+++ Dataset excerpts

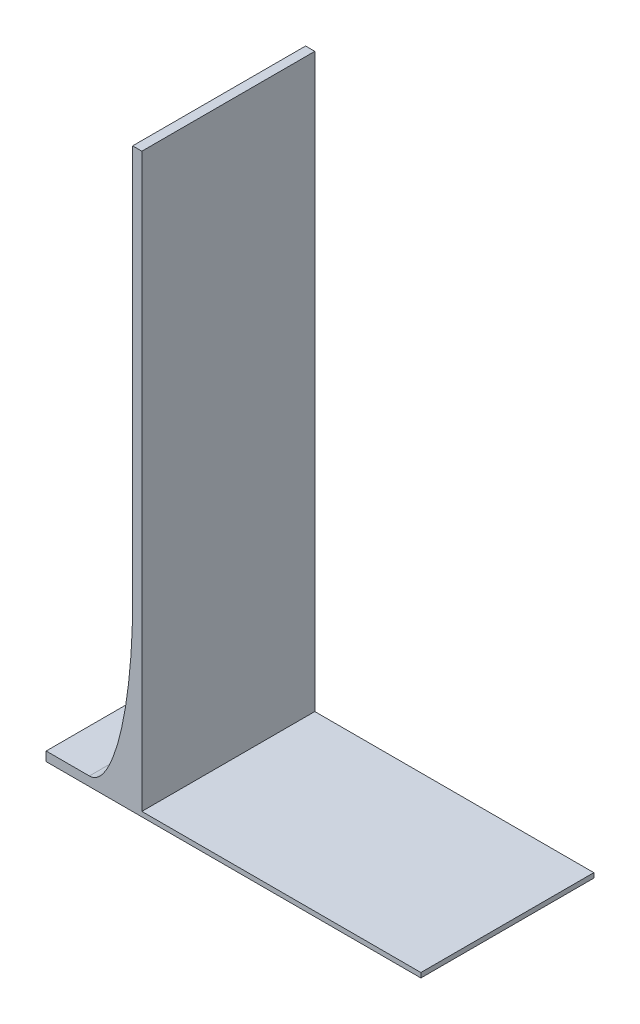
ISO-10303-21;
HEADER;
FILE_DESCRIPTION(('STEP AP214'),'2;1');
FILE_NAME('part.step','',(''),(''),'','','');
FILE_SCHEMA(('AUTOMOTIVE_DESIGN { 1 0 10303 214 1 1 1 1 }'));
ENDSEC;
DATA;
#1=APPLICATION_CONTEXT('core data for automotive mechanical design processes');
#2=APPLICATION_PROTOCOL_DEFINITION('international standard','automotive_design',2000,#1);
#3=PRODUCT_CONTEXT('',#1,'mechanical');
#4=PRODUCT('Part','Part','',(#3));
#5=PRODUCT_RELATED_PRODUCT_CATEGORY('part','',(#4));
#6=PRODUCT_DEFINITION_FORMATION('','',#4);
#7=PRODUCT_DEFINITION_CONTEXT('part definition',#1,'design');
#8=PRODUCT_DEFINITION('design','',#6,#7);
#9=PRODUCT_DEFINITION_SHAPE('','',#8);
#10=(LENGTH_UNIT() NAMED_UNIT(*) SI_UNIT(.MILLI.,.METRE.));
#11=(NAMED_UNIT(*) PLANE_ANGLE_UNIT() SI_UNIT($,.RADIAN.));
#12=(NAMED_UNIT(*) SI_UNIT($,.STERADIAN.) SOLID_ANGLE_UNIT());
#13=UNCERTAINTY_MEASURE_WITH_UNIT(LENGTH_MEASURE(1.E-05),#10,'distance_accuracy_value','');
#14=(GEOMETRIC_REPRESENTATION_CONTEXT(3) GLOBAL_UNCERTAINTY_ASSIGNED_CONTEXT((#13)) GLOBAL_UNIT_ASSIGNED_CONTEXT((#10,
#11,#12)) REPRESENTATION_CONTEXT('',''));
#15=CARTESIAN_POINT('',(0.,0.,0.));
#16=DIRECTION('',(0.,0.,1.));
#17=DIRECTION('',(1.,0.,0.));
#18=AXIS2_PLACEMENT_3D('',#15,#16,#17);
#19=CARTESIAN_POINT('',(0.,1.65,60.));
#20=DIRECTION('',(0.,1.,0.));
#21=DIRECTION('',(0.,0.,1.));
#22=AXIS2_PLACEMENT_3D('',#19,#20,#21);
#23=PLANE('',#22);
#24=DIRECTION('',(1.,0.,0.));
#25=VECTOR('',#24,1.);
#26=CARTESIAN_POINT('',(0.,1.65,0.));
#27=LINE('',#26,#25);
#28=CARTESIAN_POINT('',(3.2,1.65,0.));
#29=VERTEX_POINT('',#28);
#30=CARTESIAN_POINT('',(100.,1.65,0.));
#31=VERTEX_POINT('',#30);
#32=EDGE_CURVE('E256',#29,#31,#27,.T.);
#33=ORIENTED_EDGE('',*,*,#32,.F.);
#34=DIRECTION('',(0.,0.,1.));
#35=VECTOR('',#34,1.);
#36=CARTESIAN_POINT('',(3.2,1.65,60.));
#37=LINE('',#36,#35);
#38=CARTESIAN_POINT('',(3.2,1.65,60.));
#39=VERTEX_POINT('',#38);
#40=EDGE_CURVE('E163',#29,#39,#37,.T.);
#41=ORIENTED_EDGE('',*,*,#40,.T.);
#42=DIRECTION('',(1.,0.,0.));
#43=VECTOR('',#42,1.);
#44=CARTESIAN_POINT('',(0.,1.65,60.));
#45=LINE('',#44,#43);
#46=CARTESIAN_POINT('',(100.,1.65,60.));
#47=VERTEX_POINT('',#46);
#48=EDGE_CURVE('E262',#39,#47,#45,.T.);
#49=ORIENTED_EDGE('',*,*,#48,.T.);
#50=DIRECTION('',(0.,0.,-1.));
#51=VECTOR('',#50,1.);
#52=CARTESIAN_POINT('',(100.,1.65,60.));
#53=LINE('',#52,#51);
#54=EDGE_CURVE('E253',#47,#31,#53,.T.);
#55=ORIENTED_EDGE('',*,*,#54,.T.);
#56=EDGE_LOOP('',(#33,#41,#49,#55));
#57=FACE_BOUND('',#56,.T.);
#58=ADVANCED_FACE('F66',(#57),#23,.T.);
#59=CARTESIAN_POINT('',(0.,0.,60.));
#60=DIRECTION('',(0.,1.,0.));
#61=DIRECTION('',(0.,0.,1.));
#62=AXIS2_PLACEMENT_3D('',#59,#60,#61);
#63=PLANE('',#62);
#64=DIRECTION('',(1.,0.,0.));
#65=VECTOR('',#64,1.);
#66=CARTESIAN_POINT('',(0.,0.,0.));
#67=LINE('',#66,#65);
#68=CARTESIAN_POINT('',(-30.,0.,0.));
#69=VERTEX_POINT('',#68);
#70=CARTESIAN_POINT('',(100.,0.,0.));
#71=VERTEX_POINT('',#70);
#72=EDGE_CURVE('E243',#69,#71,#67,.T.);
#73=ORIENTED_EDGE('',*,*,#72,.T.);
#74=DIRECTION('',(0.,0.,-1.));
#75=VECTOR('',#74,1.);
#76=CARTESIAN_POINT('',(100.,0.,60.));
#77=LINE('',#76,#75);
#78=CARTESIAN_POINT('',(100.,0.,60.));
#79=VERTEX_POINT('',#78);
#80=EDGE_CURVE('E179',#79,#71,#77,.T.);
#81=ORIENTED_EDGE('',*,*,#80,.F.);
#82=DIRECTION('',(1.,0.,0.));
#83=VECTOR('',#82,1.);
#84=CARTESIAN_POINT('',(0.,0.,60.));
#85=LINE('',#84,#83);
#86=CARTESIAN_POINT('',(-30.,0.,60.));
#87=VERTEX_POINT('',#86);
#88=EDGE_CURVE('E259',#87,#79,#85,.T.);
#89=ORIENTED_EDGE('',*,*,#88,.F.);
#90=DIRECTION('',(0.,0.,-1.));
#91=VECTOR('',#90,1.);
#92=CARTESIAN_POINT('',(-30.,0.,60.));
#93=LINE('',#92,#91);
#94=EDGE_CURVE('E164',#87,#69,#93,.T.);
#95=ORIENTED_EDGE('',*,*,#94,.T.);
#96=EDGE_LOOP('',(#73,#81,#89,#95));
#97=FACE_BOUND('',#96,.T.);
#98=ADVANCED_FACE('F233',(#97),#63,.F.);
#99=CARTESIAN_POINT('',(100.,1.65,60.));
#100=DIRECTION('',(1.,0.,0.));
#101=DIRECTION('',(0.,0.,-1.));
#102=AXIS2_PLACEMENT_3D('',#99,#100,#101);
#103=PLANE('',#102);
#104=DIRECTION('',(0.,-1.,0.));
#105=VECTOR('',#104,1.);
#106=CARTESIAN_POINT('',(100.,1.65,0.));
#107=LINE('',#106,#105);
#108=EDGE_CURVE('E247',#31,#71,#107,.T.);
#109=ORIENTED_EDGE('',*,*,#108,.F.);
#110=ORIENTED_EDGE('',*,*,#54,.F.);
#111=DIRECTION('',(0.,-1.,0.));
#112=VECTOR('',#111,1.);
#113=CARTESIAN_POINT('',(100.,1.65,60.));
#114=LINE('',#113,#112);
#115=EDGE_CURVE('E252',#47,#79,#114,.T.);
#116=ORIENTED_EDGE('',*,*,#115,.T.);
#117=ORIENTED_EDGE('',*,*,#80,.T.);
#118=EDGE_LOOP('',(#109,#110,#116,#117));
#119=FACE_BOUND('',#118,.T.);
#120=ADVANCED_FACE('F235',(#119),#103,.T.);
#121=CARTESIAN_POINT('',(0.,0.,60.));
#122=DIRECTION('',(0.,0.,-1.));
#123=DIRECTION('',(-1.,0.,0.));
#124=AXIS2_PLACEMENT_3D('',#121,#122,#123);
#125=PLANE('',#124);
#126=ORIENTED_EDGE('',*,*,#48,.F.);
#127=DIRECTION('',(0.,1.,0.));
#128=VECTOR('',#127,1.);
#129=CARTESIAN_POINT('',(3.2,0.,60.));
#130=LINE('',#129,#128);
#131=CARTESIAN_POINT('',(3.2,200.,60.));
#132=VERTEX_POINT('',#131);
#133=EDGE_CURVE('E278',#39,#132,#130,.T.);
#134=ORIENTED_EDGE('',*,*,#133,.T.);
#135=DIRECTION('',(1.,0.,0.));
#136=VECTOR('',#135,1.);
#137=CARTESIAN_POINT('',(0.,200.,60.));
#138=LINE('',#137,#136);
#139=CARTESIAN_POINT('',(0.,200.,60.));
#140=VERTEX_POINT('',#139);
#141=EDGE_CURVE('E280',#140,#132,#138,.T.);
#142=ORIENTED_EDGE('',*,*,#141,.F.);
#143=DIRECTION('',(0.,1.,0.));
#144=VECTOR('',#143,1.);
#145=CARTESIAN_POINT('',(0.,0.,60.));
#146=LINE('',#145,#144);
#147=CARTESIAN_POINT('',(0.,63.2,60.));
#148=VERTEX_POINT('',#147);
#149=EDGE_CURVE('E188',#148,#140,#146,.T.);
#150=ORIENTED_EDGE('',*,*,#149,.F.);
#151=CARTESIAN_POINT('',(-15.,3.2,60.));
#152=CARTESIAN_POINT('',(0.,3.2,60.));
#153=CARTESIAN_POINT('',(0.,63.2,60.));
#154=(BOUNDED_CURVE() B_SPLINE_CURVE(2,(#151,#152,#153),.UNSPECIFIED.,.F.,
.F.) B_SPLINE_CURVE_WITH_KNOTS((3,3),(0.,1.),
.UNSPECIFIED.) CURVE() GEOMETRIC_REPRESENTATION_ITEM() RATIONAL_B_SPLINE_CURVE((1.,
0.707106781186548,1.)) REPRESENTATION_ITEM(''));
#155=CARTESIAN_POINT('',(-15.,3.2,60.));
#156=VERTEX_POINT('',#155);
#157=EDGE_CURVE('E13',#148,#156,#154,.F.);
#158=ORIENTED_EDGE('',*,*,#157,.T.);
#159=DIRECTION('',(-1.,0.,0.));
#160=VECTOR('',#159,1.);
#161=CARTESIAN_POINT('',(0.,3.2,60.));
#162=LINE('',#161,#160);
#163=CARTESIAN_POINT('',(-30.,3.2,60.));
#164=VERTEX_POINT('',#163);
#165=EDGE_CURVE('E143',#156,#164,#162,.T.);
#166=ORIENTED_EDGE('',*,*,#165,.T.);
#167=DIRECTION('',(0.,1.,0.));
#168=VECTOR('',#167,1.);
#169=CARTESIAN_POINT('',(-30.,0.,60.));
#170=LINE('',#169,#168);
#171=EDGE_CURVE('E148',#87,#164,#170,.T.);
#172=ORIENTED_EDGE('',*,*,#171,.F.);
#173=ORIENTED_EDGE('',*,*,#88,.T.);
#174=ORIENTED_EDGE('',*,*,#115,.F.);
#175=EDGE_LOOP('',(#126,#134,#142,#150,#158,#166,#172,#173,#174));
#176=FACE_BOUND('',#175,.T.);
#177=ADVANCED_FACE('F146',(#176),#125,.F.);
#178=CARTESIAN_POINT('',(0.,0.,0.));
#179=DIRECTION('',(0.,0.,-1.));
#180=DIRECTION('',(-1.,0.,0.));
#181=AXIS2_PLACEMENT_3D('',#178,#179,#180);
#182=PLANE('',#181);
#183=DIRECTION('',(0.,1.,0.));
#184=VECTOR('',#183,1.);
#185=CARTESIAN_POINT('',(3.2,0.,0.));
#186=LINE('',#185,#184);
#187=CARTESIAN_POINT('',(3.2,200.,0.));
#188=VERTEX_POINT('',#187);
#189=EDGE_CURVE('E282',#29,#188,#186,.T.);
#190=ORIENTED_EDGE('',*,*,#189,.F.);
#191=ORIENTED_EDGE('',*,*,#32,.T.);
#192=ORIENTED_EDGE('',*,*,#108,.T.);
#193=ORIENTED_EDGE('',*,*,#72,.F.);
#194=DIRECTION('',(0.,1.,0.));
#195=VECTOR('',#194,1.);
#196=CARTESIAN_POINT('',(-30.,0.,0.));
#197=LINE('',#196,#195);
#198=CARTESIAN_POINT('',(-30.,3.2,0.));
#199=VERTEX_POINT('',#198);
#200=EDGE_CURVE('E154',#69,#199,#197,.T.);
#201=ORIENTED_EDGE('',*,*,#200,.T.);
#202=DIRECTION('',(-1.,0.,0.));
#203=VECTOR('',#202,1.);
#204=CARTESIAN_POINT('',(0.,3.2,0.));
#205=LINE('',#204,#203);
#206=CARTESIAN_POINT('',(-15.,3.2,0.));
#207=VERTEX_POINT('',#206);
#208=EDGE_CURVE('E159',#207,#199,#205,.T.);
#209=ORIENTED_EDGE('',*,*,#208,.F.);
#210=CARTESIAN_POINT('',(0.,63.2,0.));
#211=CARTESIAN_POINT('',(0.,3.2,0.));
#212=CARTESIAN_POINT('',(-15.,3.2,0.));
#213=(BOUNDED_CURVE() B_SPLINE_CURVE(2,(#210,#211,#212),.UNSPECIFIED.,.F.,
.F.) B_SPLINE_CURVE_WITH_KNOTS((3,3),(0.,1.),
.UNSPECIFIED.) CURVE() GEOMETRIC_REPRESENTATION_ITEM() RATIONAL_B_SPLINE_CURVE((1.,
0.707106781186548,1.)) REPRESENTATION_ITEM(''));
#214=CARTESIAN_POINT('',(0.,63.2,0.));
#215=VERTEX_POINT('',#214);
#216=EDGE_CURVE('E80',#207,#215,#213,.F.);
#217=ORIENTED_EDGE('',*,*,#216,.T.);
#218=DIRECTION('',(0.,1.,0.));
#219=VECTOR('',#218,1.);
#220=CARTESIAN_POINT('',(0.,0.,0.));
#221=LINE('',#220,#219);
#222=CARTESIAN_POINT('',(0.,200.,0.));
#223=VERTEX_POINT('',#222);
#224=EDGE_CURVE('E277',#215,#223,#221,.T.);
#225=ORIENTED_EDGE('',*,*,#224,.T.);
#226=DIRECTION('',(1.,0.,0.));
#227=VECTOR('',#226,1.);
#228=CARTESIAN_POINT('',(0.,200.,0.));
#229=LINE('',#228,#227);
#230=EDGE_CURVE('E275',#223,#188,#229,.T.);
#231=ORIENTED_EDGE('',*,*,#230,.T.);
#232=EDGE_LOOP('',(#190,#191,#192,#193,#201,#209,#217,#225,#231));
#233=FACE_BOUND('',#232,.T.);
#234=ADVANCED_FACE('F220',(#233),#182,.T.);
#235=CARTESIAN_POINT('',(-30.,0.,60.));
#236=DIRECTION('',(-1.,0.,0.));
#237=DIRECTION('',(0.,0.,1.));
#238=AXIS2_PLACEMENT_3D('',#235,#236,#237);
#239=PLANE('',#238);
#240=ORIENTED_EDGE('',*,*,#200,.F.);
#241=ORIENTED_EDGE('',*,*,#94,.F.);
#242=ORIENTED_EDGE('',*,*,#171,.T.);
#243=DIRECTION('',(0.,0.,-1.));
#244=VECTOR('',#243,1.);
#245=CARTESIAN_POINT('',(-30.,3.2,60.));
#246=LINE('',#245,#244);
#247=EDGE_CURVE('E157',#164,#199,#246,.T.);
#248=ORIENTED_EDGE('',*,*,#247,.T.);
#249=EDGE_LOOP('',(#240,#241,#242,#248));
#250=FACE_BOUND('',#249,.T.);
#251=ADVANCED_FACE('F167',(#250),#239,.T.);
#252=CARTESIAN_POINT('',(0.,3.2,60.));
#253=DIRECTION('',(0.,-1.,0.));
#254=DIRECTION('',(1.,0.,0.));
#255=AXIS2_PLACEMENT_3D('',#252,#253,#254);
#256=PLANE('',#255);
#257=ORIENTED_EDGE('',*,*,#165,.F.);
#258=CARTESIAN_POINT('',(-15.,3.2,-3.));
#259=CARTESIAN_POINT('',(-15.,3.2,19.));
#260=CARTESIAN_POINT('',(-15.,3.2,41.));
#261=CARTESIAN_POINT('',(-15.,3.2,63.));
#262=(BOUNDED_CURVE() B_SPLINE_CURVE(3,(#258,#259,#260,#261),.UNSPECIFIED.,.F.,
.F.) B_SPLINE_CURVE_WITH_KNOTS((4,4),(-0.003,0.063),
.UNSPECIFIED.) CURVE() GEOMETRIC_REPRESENTATION_ITEM() RATIONAL_B_SPLINE_CURVE((1.,1.,1.,1.)) REPRESENTATION_ITEM(''));
#263=EDGE_CURVE('E183',#156,#207,#262,.F.);
#264=ORIENTED_EDGE('',*,*,#263,.T.);
#265=ORIENTED_EDGE('',*,*,#208,.T.);
#266=ORIENTED_EDGE('',*,*,#247,.F.);
#267=EDGE_LOOP('',(#257,#264,#265,#266));
#268=FACE_BOUND('',#267,.T.);
#269=ADVANCED_FACE('F158',(#268),#256,.F.);
#270=CARTESIAN_POINT('',(3.2,0.,60.));
#271=DIRECTION('',(-1.,0.,0.));
#272=DIRECTION('',(0.,0.,1.));
#273=AXIS2_PLACEMENT_3D('',#270,#271,#272);
#274=PLANE('',#273);
#275=ORIENTED_EDGE('',*,*,#40,.F.);
#276=ORIENTED_EDGE('',*,*,#189,.T.);
#277=DIRECTION('',(0.,0.,-1.));
#278=VECTOR('',#277,1.);
#279=CARTESIAN_POINT('',(3.2,200.,60.));
#280=LINE('',#279,#278);
#281=EDGE_CURVE('E178',#132,#188,#280,.T.);
#282=ORIENTED_EDGE('',*,*,#281,.F.);
#283=ORIENTED_EDGE('',*,*,#133,.F.);
#284=EDGE_LOOP('',(#275,#276,#282,#283));
#285=FACE_BOUND('',#284,.T.);
#286=ADVANCED_FACE('F200',(#285),#274,.F.);
#287=CARTESIAN_POINT('',(0.,200.,60.));
#288=DIRECTION('',(0.,1.,0.));
#289=DIRECTION('',(0.,0.,1.));
#290=AXIS2_PLACEMENT_3D('',#287,#288,#289);
#291=PLANE('',#290);
#292=ORIENTED_EDGE('',*,*,#230,.F.);
#293=DIRECTION('',(0.,0.,-1.));
#294=VECTOR('',#293,1.);
#295=CARTESIAN_POINT('',(0.,200.,60.));
#296=LINE('',#295,#294);
#297=EDGE_CURVE('E270',#140,#223,#296,.T.);
#298=ORIENTED_EDGE('',*,*,#297,.F.);
#299=ORIENTED_EDGE('',*,*,#141,.T.);
#300=ORIENTED_EDGE('',*,*,#281,.T.);
#301=EDGE_LOOP('',(#292,#298,#299,#300));
#302=FACE_BOUND('',#301,.T.);
#303=ADVANCED_FACE('F205',(#302),#291,.T.);
#304=CARTESIAN_POINT('',(0.,0.,60.));
#305=DIRECTION('',(-1.,0.,0.));
#306=DIRECTION('',(0.,0.,1.));
#307=AXIS2_PLACEMENT_3D('',#304,#305,#306);
#308=PLANE('',#307);
#309=ORIENTED_EDGE('',*,*,#224,.F.);
#310=CARTESIAN_POINT('',(0.,63.2,63.));
#311=CARTESIAN_POINT('',(0.,63.2,41.));
#312=CARTESIAN_POINT('',(0.,63.2,19.));
#313=CARTESIAN_POINT('',(0.,63.2,-3.));
#314=(BOUNDED_CURVE() B_SPLINE_CURVE(3,(#310,#311,#312,#313),.UNSPECIFIED.,.F.,
.F.) B_SPLINE_CURVE_WITH_KNOTS((4,4),(-0.003,0.063),
.UNSPECIFIED.) CURVE() GEOMETRIC_REPRESENTATION_ITEM() RATIONAL_B_SPLINE_CURVE((1.,1.,1.,1.)) REPRESENTATION_ITEM(''));
#315=EDGE_CURVE('E94',#215,#148,#314,.F.);
#316=ORIENTED_EDGE('',*,*,#315,.T.);
#317=ORIENTED_EDGE('',*,*,#149,.T.);
#318=ORIENTED_EDGE('',*,*,#297,.T.);
#319=EDGE_LOOP('',(#309,#316,#317,#318));
#320=FACE_BOUND('',#319,.T.);
#321=ADVANCED_FACE('F201',(#320),#308,.T.);
#322=CARTESIAN_POINT('',(-15.,3.2,63.));
#323=CARTESIAN_POINT('',(-15.,3.2,41.));
#324=CARTESIAN_POINT('',(-15.,3.2,19.));
#325=CARTESIAN_POINT('',(-15.,3.2,-3.));
#326=CARTESIAN_POINT('',(0.,3.2,63.));
#327=CARTESIAN_POINT('',(0.,3.2,41.));
#328=CARTESIAN_POINT('',(0.,3.2,19.));
#329=CARTESIAN_POINT('',(0.,3.2,-3.));
#330=CARTESIAN_POINT('',(0.,63.2,63.));
#331=CARTESIAN_POINT('',(0.,63.2,41.));
#332=CARTESIAN_POINT('',(0.,63.2,19.));
#333=CARTESIAN_POINT('',(0.,63.2,-3.));
#334=(BOUNDED_SURFACE() B_SPLINE_SURFACE(2,3,((#322,#323,#324,#325),(#326,#327,#328,#329),(#330,
#331,#332,#333)),.UNSPECIFIED.,.F.,.F.,.F.) B_SPLINE_SURFACE_WITH_KNOTS((3,3),(4,4),(0.,1.),
(-0.003,0.063),.UNSPECIFIED.) GEOMETRIC_REPRESENTATION_ITEM() RATIONAL_B_SPLINE_SURFACE(((1.,1.,
1.,1.),(0.707106781186548,0.707106781186548,0.707106781186548,0.707106781186548),(1.,1.,1.,1.))) REPRESENTATION_ITEM('') SURFACE());
#335=ORIENTED_EDGE('',*,*,#157,.F.);
#336=ORIENTED_EDGE('',*,*,#315,.F.);
#337=ORIENTED_EDGE('',*,*,#216,.F.);
#338=ORIENTED_EDGE('',*,*,#263,.F.);
#339=EDGE_LOOP('',(#335,#336,#337,#338));
#340=FACE_BOUND('',#339,.T.);
#341=ADVANCED_FACE('F69',(#340),#334,.T.);
#342=CLOSED_SHELL('',(#58,#98,#120,#177,#234,#251,#269,#286,#303,#321,#341));
#343=MANIFOLD_SOLID_BREP('B2',#342);
#344=ADVANCED_BREP_SHAPE_REPRESENTATION('',(#18,#343),#14);
#345=SHAPE_DEFINITION_REPRESENTATION(#9,#344);
ENDSEC;
END-ISO-10303-21;

++++++

__Work to complete__
Output should match, line for line, the stretch of the material above from the line holding "#300=ORIENTED_EDGE('',*,*,#281,.T.);" through the line holding "#338=ORIENTED_EDGE('',*,*,#263,.F.);".

__Your solution__
#300=ORIENTED_EDGE('',*,*,#281,.T.);
#301=EDGE_LOOP('',(#292,#298,#299,#300));
#302=FACE_BOUND('',#301,.T.);
#303=ADVANCED_FACE('F205',(#302),#291,.T.);
#304=CARTESIAN_POINT('',(0.,0.,60.));
#305=DIRECTION('',(-1.,0.,0.));
#306=DIRECTION('',(0.,0.,1.));
#307=AXIS2_PLACEMENT_3D('',#304,#305,#306);
#308=PLANE('',#307);
#309=ORIENTED_EDGE('',*,*,#224,.F.);
#310=CARTESIAN_POINT('',(0.,63.2,63.));
#311=CARTESIAN_POINT('',(0.,63.2,41.));
#312=CARTESIAN_POINT('',(0.,63.2,19.));
#313=CARTESIAN_POINT('',(0.,63.2,-3.));
#314=(BOUNDED_CURVE() B_SPLINE_CURVE(3,(#310,#311,#312,#313),.UNSPECIFIED.,.F.,
.F.) B_SPLINE_CURVE_WITH_KNOTS((4,4),(-0.003,0.063),
.UNSPECIFIED.) CURVE() GEOMETRIC_REPRESENTATION_ITEM() RATIONAL_B_SPLINE_CURVE((1.,1.,1.,1.)) REPRESENTATION_ITEM(''));
#315=EDGE_CURVE('E94',#215,#148,#314,.F.);
#316=ORIENTED_EDGE('',*,*,#315,.T.);
#317=ORIENTED_EDGE('',*,*,#149,.T.);
#318=ORIENTED_EDGE('',*,*,#297,.T.);
#319=EDGE_LOOP('',(#309,#316,#317,#318));
#320=FACE_BOUND('',#319,.T.);
#321=ADVANCED_FACE('F201',(#320),#308,.T.);
#322=CARTESIAN_POINT('',(-15.,3.2,63.));
#323=CARTESIAN_POINT('',(-15.,3.2,41.));
#324=CARTESIAN_POINT('',(-15.,3.2,19.));
#325=CARTESIAN_POINT('',(-15.,3.2,-3.));
#326=CARTESIAN_POINT('',(0.,3.2,63.));
#327=CARTESIAN_POINT('',(0.,3.2,41.));
#328=CARTESIAN_POINT('',(0.,3.2,19.));
#329=CARTESIAN_POINT('',(0.,3.2,-3.));
#330=CARTESIAN_POINT('',(0.,63.2,63.));
#331=CARTESIAN_POINT('',(0.,63.2,41.));
#332=CARTESIAN_POINT('',(0.,63.2,19.));
#333=CARTESIAN_POINT('',(0.,63.2,-3.));
#334=(BOUNDED_SURFACE() B_SPLINE_SURFACE(2,3,((#322,#323,#324,#325),(#326,#327,#328,#329),(#330,
#331,#332,#333)),.UNSPECIFIED.,.F.,.F.,.F.) B_SPLINE_SURFACE_WITH_KNOTS((3,3),(4,4),(0.,1.),
(-0.003,0.063),.UNSPECIFIED.) GEOMETRIC_REPRESENTATION_ITEM() RATIONAL_B_SPLINE_SURFACE(((1.,1.,
1.,1.),(0.707106781186548,0.707106781186548,0.707106781186548,0.707106781186548),(1.,1.,1.,1.))) REPRESENTATION_ITEM('') SURFACE());
#335=ORIENTED_EDGE('',*,*,#157,.F.);
#336=ORIENTED_EDGE('',*,*,#315,.F.);
#337=ORIENTED_EDGE('',*,*,#216,.F.);
#338=ORIENTED_EDGE('',*,*,#263,.F.);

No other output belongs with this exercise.